● The data:
•••

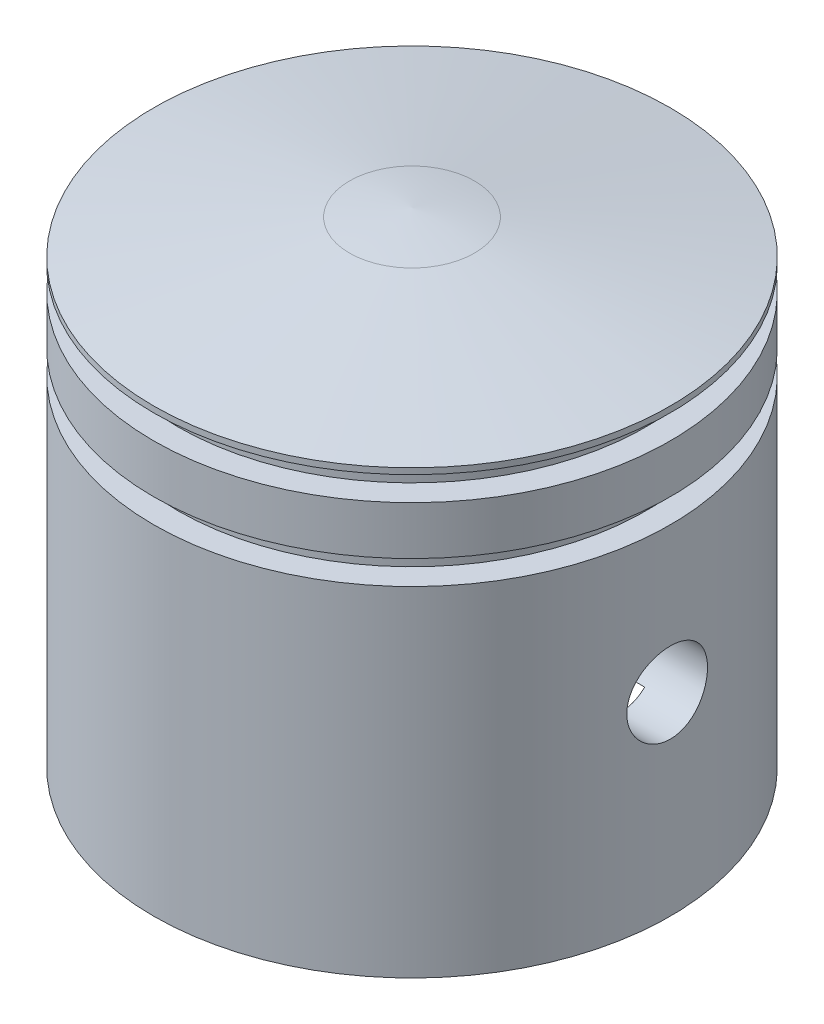
ISO-10303-21;
HEADER;
FILE_DESCRIPTION(('STEP AP214'),'2;1');
FILE_NAME('part.step','',(''),(''),'','','');
FILE_SCHEMA(('AUTOMOTIVE_DESIGN { 1 0 10303 214 1 1 1 1 }'));
ENDSEC;
DATA;
#1=APPLICATION_CONTEXT('core data for automotive mechanical design processes');
#2=APPLICATION_PROTOCOL_DEFINITION('international standard','automotive_design',2000,#1);
#3=PRODUCT_CONTEXT('',#1,'mechanical');
#4=PRODUCT('Part','Part','',(#3));
#5=PRODUCT_RELATED_PRODUCT_CATEGORY('part','',(#4));
#6=PRODUCT_DEFINITION_FORMATION('','',#4);
#7=PRODUCT_DEFINITION_CONTEXT('part definition',#1,'design');
#8=PRODUCT_DEFINITION('design','',#6,#7);
#9=PRODUCT_DEFINITION_SHAPE('','',#8);
#10=(LENGTH_UNIT() NAMED_UNIT(*) SI_UNIT(.MILLI.,.METRE.));
#11=(NAMED_UNIT(*) PLANE_ANGLE_UNIT() SI_UNIT($,.RADIAN.));
#12=(NAMED_UNIT(*) SI_UNIT($,.STERADIAN.) SOLID_ANGLE_UNIT());
#13=UNCERTAINTY_MEASURE_WITH_UNIT(LENGTH_MEASURE(1.E-05),#10,'distance_accuracy_value','');
#14=(GEOMETRIC_REPRESENTATION_CONTEXT(3) GLOBAL_UNCERTAINTY_ASSIGNED_CONTEXT((#13)) GLOBAL_UNIT_ASSIGNED_CONTEXT((#10,
#11,#12)) REPRESENTATION_CONTEXT('',''));
#15=CARTESIAN_POINT('',(0.,0.,0.));
#16=DIRECTION('',(0.,0.,1.));
#17=DIRECTION('',(1.,0.,0.));
#18=AXIS2_PLACEMENT_3D('',#15,#16,#17);
#19=CARTESIAN_POINT('',(0.,10.,0.));
#20=DIRECTION('',(0.,-1.,0.));
#21=DIRECTION('',(0.,0.,-1.));
#22=AXIS2_PLACEMENT_3D('',#19,#20,#21);
#23=PLANE('',#22);
#24=DIRECTION('',(1.,0.,0.));
#25=VECTOR('',#24,1.);
#26=CARTESIAN_POINT('',(-16.,10.,-1.5));
#27=LINE('',#26,#25);
#28=CARTESIAN_POINT('',(-12.913171570145,10.,-1.5));
#29=VERTEX_POINT('',#28);
#30=CARTESIAN_POINT('',(-9.88685996664259,10.,-1.5));
#31=VERTEX_POINT('',#30);
#32=EDGE_CURVE('E63',#29,#31,#27,.T.);
#33=ORIENTED_EDGE('',*,*,#32,.F.);
#34=CARTESIAN_POINT('',(0.,10.,0.));
#35=DIRECTION('',(0.,-1.,0.));
#36=DIRECTION('',(0.,0.,-1.));
#37=AXIS2_PLACEMENT_3D('',#34,#35,#36);
#38=CIRCLE('',#37,13.);
#39=CARTESIAN_POINT('',(12.913171570145,10.,-1.5));
#40=VERTEX_POINT('',#39);
#41=EDGE_CURVE('E153',#29,#40,#38,.T.);
#42=ORIENTED_EDGE('',*,*,#41,.T.);
#43=CARTESIAN_POINT('',(9.88685996664259,10.,-1.5));
#44=VERTEX_POINT('',#43);
#45=EDGE_CURVE('E389',#44,#40,#27,.T.);
#46=ORIENTED_EDGE('',*,*,#45,.F.);
#47=CARTESIAN_POINT('',(0.,10.,0.));
#48=DIRECTION('',(0.,-1.,0.));
#49=DIRECTION('',(0.,0.,-1.));
#50=AXIS2_PLACEMENT_3D('',#47,#48,#49);
#51=CIRCLE('',#50,10.);
#52=EDGE_CURVE('E101',#44,#31,#51,.F.);
#53=ORIENTED_EDGE('',*,*,#52,.T.);
#54=EDGE_LOOP('',(#33,#42,#46,#53));
#55=FACE_BOUND('',#54,.T.);
#56=ADVANCED_FACE('F34',(#55),#23,.T.);
#57=CARTESIAN_POINT('',(0.,30.,0.));
#58=DIRECTION('',(0.,1.,0.));
#59=DIRECTION('',(0.,0.,1.));
#60=AXIS2_PLACEMENT_3D('',#57,#58,#59);
#61=CYLINDRICAL_SURFACE('',#60,16.);
#62=CARTESIAN_POINT('',(0.,27.,0.));
#63=DIRECTION('',(0.,1.,0.));
#64=DIRECTION('',(0.,0.,1.));
#65=AXIS2_PLACEMENT_3D('',#62,#63,#64);
#66=CIRCLE('',#65,16.);
#67=CARTESIAN_POINT('',(0.,27.,16.));
#68=VERTEX_POINT('',#67);
#69=EDGE_CURVE('E182',#68,#68,#66,.T.);
#70=ORIENTED_EDGE('',*,*,#69,.T.);
#71=EDGE_LOOP('',(#70));
#72=FACE_BOUND('',#71,.T.);
#73=CARTESIAN_POINT('',(0.,27.3721526594854,0.));
#74=DIRECTION('',(0.,1.,0.));
#75=DIRECTION('',(0.,0.,1.));
#76=AXIS2_PLACEMENT_3D('',#73,#74,#75);
#77=CIRCLE('',#76,16.);
#78=CARTESIAN_POINT('',(0.,27.3721526594854,-16.));
#79=VERTEX_POINT('',#78);
#80=EDGE_CURVE('E90',#79,#79,#77,.T.);
#81=ORIENTED_EDGE('',*,*,#80,.F.);
#82=EDGE_LOOP('',(#81));
#83=FACE_BOUND('',#82,.T.);
#84=ADVANCED_FACE('F36',(#72,#83),#61,.T.);
#85=CARTESIAN_POINT('',(0.,27.3721526594854,0.));
#86=DIRECTION('',(0.,-1.,0.));
#87=DIRECTION('',(0.,0.,-1.));
#88=AXIS2_PLACEMENT_3D('',#85,#86,#87);
#89=CONICAL_SURFACE('',#88,16.,1.39626340159547);
#90=CARTESIAN_POINT('',(0.,29.5105602774844,0.));
#91=DIRECTION('',(0.,1.,0.));
#92=DIRECTION('',(0.,0.,1.));
#93=AXIS2_PLACEMENT_3D('',#90,#91,#92);
#94=CIRCLE('',#93,3.87248775310959);
#95=CARTESIAN_POINT('',(0.,29.5105602774844,-3.8724877531096));
#96=VERTEX_POINT('',#95);
#97=EDGE_CURVE('E173',#96,#96,#94,.T.);
#98=CARTESIAN_POINT('',(0.,29.5105602774844,-3.8724877531096));
#99=CARTESIAN_POINT('',(0.,29.4882851981303,-3.99881600568138));
#100=CARTESIAN_POINT('',(0.,29.4660101187761,-4.12514425825315));
#101=CARTESIAN_POINT('',(0.,29.4214599600678,-4.37780076339671));
#102=CARTESIAN_POINT('',(0.,29.3991848807136,-4.50412901596848));
#103=CARTESIAN_POINT('',(0.,29.3546347220053,-4.75678552111203));
#104=CARTESIAN_POINT('',(0.,29.3323596426512,-4.8831137736838));
#105=CARTESIAN_POINT('',(0.,29.2878094839429,-5.13577027882736));
#106=CARTESIAN_POINT('',(0.,29.2655344045887,-5.26209853139913));
#107=CARTESIAN_POINT('',(0.,29.2209842458804,-5.51475503654268));
#108=CARTESIAN_POINT('',(0.,29.1987091665262,-5.64108328911446));
#109=CARTESIAN_POINT('',(0.,29.1541590078179,-5.89373979425801));
#110=CARTESIAN_POINT('',(0.,29.1318839284638,-6.02006804682978));
#111=CARTESIAN_POINT('',(0.,29.0873337697554,-6.27272455197333));
#112=CARTESIAN_POINT('',(0.,29.0650586904013,-6.39905280454511));
#113=CARTESIAN_POINT('',(0.,29.020508531693,-6.65170930968866));
#114=CARTESIAN_POINT('',(0.,28.9982334523388,-6.77803756226043));
#115=CARTESIAN_POINT('',(0.,28.9536832936305,-7.03069406740398));
#116=CARTESIAN_POINT('',(0.,28.9314082142764,-7.15702231997576));
#117=CARTESIAN_POINT('',(0.,28.886858055568,-7.40967882511931));
#118=CARTESIAN_POINT('',(0.,28.8645829762139,-7.53600707769108));
#119=CARTESIAN_POINT('',(0.,28.8200328175056,-7.78866358283463));
#120=CARTESIAN_POINT('',(0.,28.7977577381514,-7.91499183540641));
#121=CARTESIAN_POINT('',(0.,28.7532075794431,-8.16764834054996));
#122=CARTESIAN_POINT('',(0.,28.7309325000889,-8.29397659312173));
#123=CARTESIAN_POINT('',(0.,28.6863823413806,-8.54663309826528));
#124=CARTESIAN_POINT('',(0.,28.6641072620265,-8.67296135083706));
#125=CARTESIAN_POINT('',(0.,28.6195571033182,-8.92561785598061));
#126=CARTESIAN_POINT('',(0.,28.597282023964,-9.05194610855238));
#127=CARTESIAN_POINT('',(0.,28.5527318652557,-9.30460261369593));
#128=CARTESIAN_POINT('',(0.,28.5304567859015,-9.43093086626771));
#129=CARTESIAN_POINT('',(0.,28.4859066271932,-9.68358737141126));
#130=CARTESIAN_POINT('',(0.,28.4636315478391,-9.80991562398303));
#131=CARTESIAN_POINT('',(0.,28.4190813891308,-10.0625721291266));
#132=CARTESIAN_POINT('',(0.,28.3968063097766,-10.1889003816984));
#133=CARTESIAN_POINT('',(0.,28.3522561510683,-10.4415568868419));
#134=CARTESIAN_POINT('',(0.,28.3299810717141,-10.5678851394137));
#135=CARTESIAN_POINT('',(0.,28.2854309130058,-10.8205416445572));
#136=CARTESIAN_POINT('',(0.,28.2631558336517,-10.946869897129));
#137=CARTESIAN_POINT('',(0.,28.2186056749433,-11.1995264022726));
#138=CARTESIAN_POINT('',(0.,28.1963305955892,-11.3258546548443));
#139=CARTESIAN_POINT('',(0.,28.1517804368809,-11.5785111599879));
#140=CARTESIAN_POINT('',(0.,28.1295053575267,-11.7048394125597));
#141=CARTESIAN_POINT('',(0.,28.0849551988184,-11.9574959177032));
#142=CARTESIAN_POINT('',(0.,28.0626801194643,-12.083824170275));
#143=CARTESIAN_POINT('',(0.,28.0181299607559,-12.3364806754185));
#144=CARTESIAN_POINT('',(0.,27.9958548814018,-12.4628089279903));
#145=CARTESIAN_POINT('',(0.,27.9513047226935,-12.7154654331339));
#146=CARTESIAN_POINT('',(0.,27.9290296433393,-12.8417936857056));
#147=CARTESIAN_POINT('',(0.,27.884479484631,-13.0944501908492));
#148=CARTESIAN_POINT('',(0.,27.8622044052768,-13.220778443421));
#149=CARTESIAN_POINT('',(0.,27.8176542465685,-13.4734349485645));
#150=CARTESIAN_POINT('',(0.,27.7953791672144,-13.5997632011363));
#151=CARTESIAN_POINT('',(0.,27.7508290085061,-13.8524197062798));
#152=CARTESIAN_POINT('',(0.,27.7285539291519,-13.9787479588516));
#153=CARTESIAN_POINT('',(0.,27.6840037704436,-14.2314044639952));
#154=CARTESIAN_POINT('',(0.,27.6617286910894,-14.3577327165669));
#155=CARTESIAN_POINT('',(0.,27.6171785323811,-14.6103892217105));
#156=CARTESIAN_POINT('',(0.,27.594903453027,-14.7367174742823));
#157=CARTESIAN_POINT('',(0.,27.5503532943187,-14.9893739794258));
#158=CARTESIAN_POINT('',(0.,27.5280782149645,-15.1157022319976));
#159=CARTESIAN_POINT('',(0.,27.4835280562562,-15.3683587371411));
#160=CARTESIAN_POINT('',(0.,27.461252976902,-15.4946869897129));
#161=CARTESIAN_POINT('',(0.,27.4167028181937,-15.7473434948565));
#162=CARTESIAN_POINT('',(0.,27.3944277388396,-15.8736717474282));
#163=CARTESIAN_POINT('',(0.,27.3721526594854,-16.));
#164=B_SPLINE_CURVE_WITH_KNOTS('',3,(#98,#99,#100,#101,#102,#103,#104,#105,#106,#107,#108,#109,
#110,#111,#112,#113,#114,#115,#116,#117,#118,#119,#120,#121,#122,#123,#124,#125,#126,#127,#128,
#129,#130,#131,#132,#133,#134,#135,#136,#137,#138,#139,#140,#141,#142,#143,#144,#145,#146,#147,
#148,#149,#150,#151,#152,#153,#154,#155,#156,#157,#158,#159,#160,#161,#162,#163),.UNSPECIFIED.,
.F.,.F.,(4,2,2,2,2,2,2,2,2,2,2,2,2,2,2,2,2,2,2,2,2,2,2,2,2,2,2,2,2,2,2,2,4),(0.,
0.384831208483213,0.769662416966424,1.15449362544964,1.53932483393285,1.92415604241606,
2.30898725089927,2.69381845938248,3.0786496678657,3.46348087634891,3.84831208483212,
4.23314329331533,4.61797450179855,5.00280571028176,5.38763691876497,5.77246812724818,
6.1572993357314,6.54213054421461,6.92696175269782,7.31179296118103,7.69662416966425,
8.08145537814746,8.46628658663067,8.85111779511388,9.2359490035971,9.62078021208031,
10.0056114205635,10.3904426290467,10.7752738375299,11.1601050460132,11.5449362544964,
11.9297674629796,12.3145986714628),.UNSPECIFIED.);
#165=EDGE_CURVE('BSEAM204',#96,#79,#164,.T.);
#166=ORIENTED_EDGE('',*,*,#97,.F.);
#167=ORIENTED_EDGE('',*,*,#80,.T.);
#168=ORIENTED_EDGE('',*,*,#165,.T.);
#169=ORIENTED_EDGE('',*,*,#165,.F.);
#170=EDGE_LOOP('',(#166,#168,#167,#169));
#171=FACE_BOUND('',#170,.T.);
#172=ADVANCED_FACE('F204',(#171),#89,.T.);
#173=CARTESIAN_POINT('',(0.,-9.88174984300395,-3.07343935356734));
#174=DIRECTION('',(-1.,0.,0.));
#175=DIRECTION('',(0.,0.,1.));
#176=AXIS2_PLACEMENT_3D('',#173,#174,#175);
#177=CIRCLE('',#176,40.);
#178=TRIMMED_CURVE('',#177,(PARAMETER_VALUE(-1.49388453774876)),
(PARAMETER_VALUE(1.49388453774876)),.T.,.PARAMETER.);
#179=CARTESIAN_POINT('',(0.,-9.88174984300395,0.));
#180=DIRECTION('',(0.,1.,0.));
#181=AXIS1_PLACEMENT('',#179,#180);
#182=SURFACE_OF_REVOLUTION('',#178,#181);
#183=CARTESIAN_POINT('',(0.,30.,0.));
#184=VERTEX_POINT('',#183);
#185=VERTEX_LOOP('',#184);
#186=FACE_BOUND('',#185,.T.);
#187=ORIENTED_EDGE('',*,*,#97,.T.);
#188=EDGE_LOOP('',(#187));
#189=FACE_BOUND('',#188,.T.);
#190=ADVANCED_FACE('F195',(#186,#189),#182,.T.);
#191=CARTESIAN_POINT('',(14.5,25.5,0.));
#192=DIRECTION('',(0.,-1.,0.));
#193=DIRECTION('',(0.,0.,-1.));
#194=AXIS2_PLACEMENT_3D('',#191,#192,#193);
#195=PLANE('',#194);
#196=CARTESIAN_POINT('',(0.,25.5,0.));
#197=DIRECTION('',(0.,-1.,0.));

•••

● Instructions for the task: Using the entries shown above, reproduce verbatim the lines from the line bearing "#72=FACE_BOUND('',#71,.T.);" to the line bearing "#85=CARTESIAN_POINT('',(0.,27.3721526594854,0.));", inclusive.

● Expected answer:
#72=FACE_BOUND('',#71,.T.);
#73=CARTESIAN_POINT('',(0.,27.3721526594854,0.));
#74=DIRECTION('',(0.,1.,0.));
#75=DIRECTION('',(0.,0.,1.));
#76=AXIS2_PLACEMENT_3D('',#73,#74,#75);
#77=CIRCLE('',#76,16.);
#78=CARTESIAN_POINT('',(0.,27.3721526594854,-16.));
#79=VERTEX_POINT('',#78);
#80=EDGE_CURVE('E90',#79,#79,#77,.T.);
#81=ORIENTED_EDGE('',*,*,#80,.F.);
#82=EDGE_LOOP('',(#81));
#83=FACE_BOUND('',#82,.T.);
#84=ADVANCED_FACE('F36',(#72,#83),#61,.T.);
#85=CARTESIAN_POINT('',(0.,27.3721526594854,0.));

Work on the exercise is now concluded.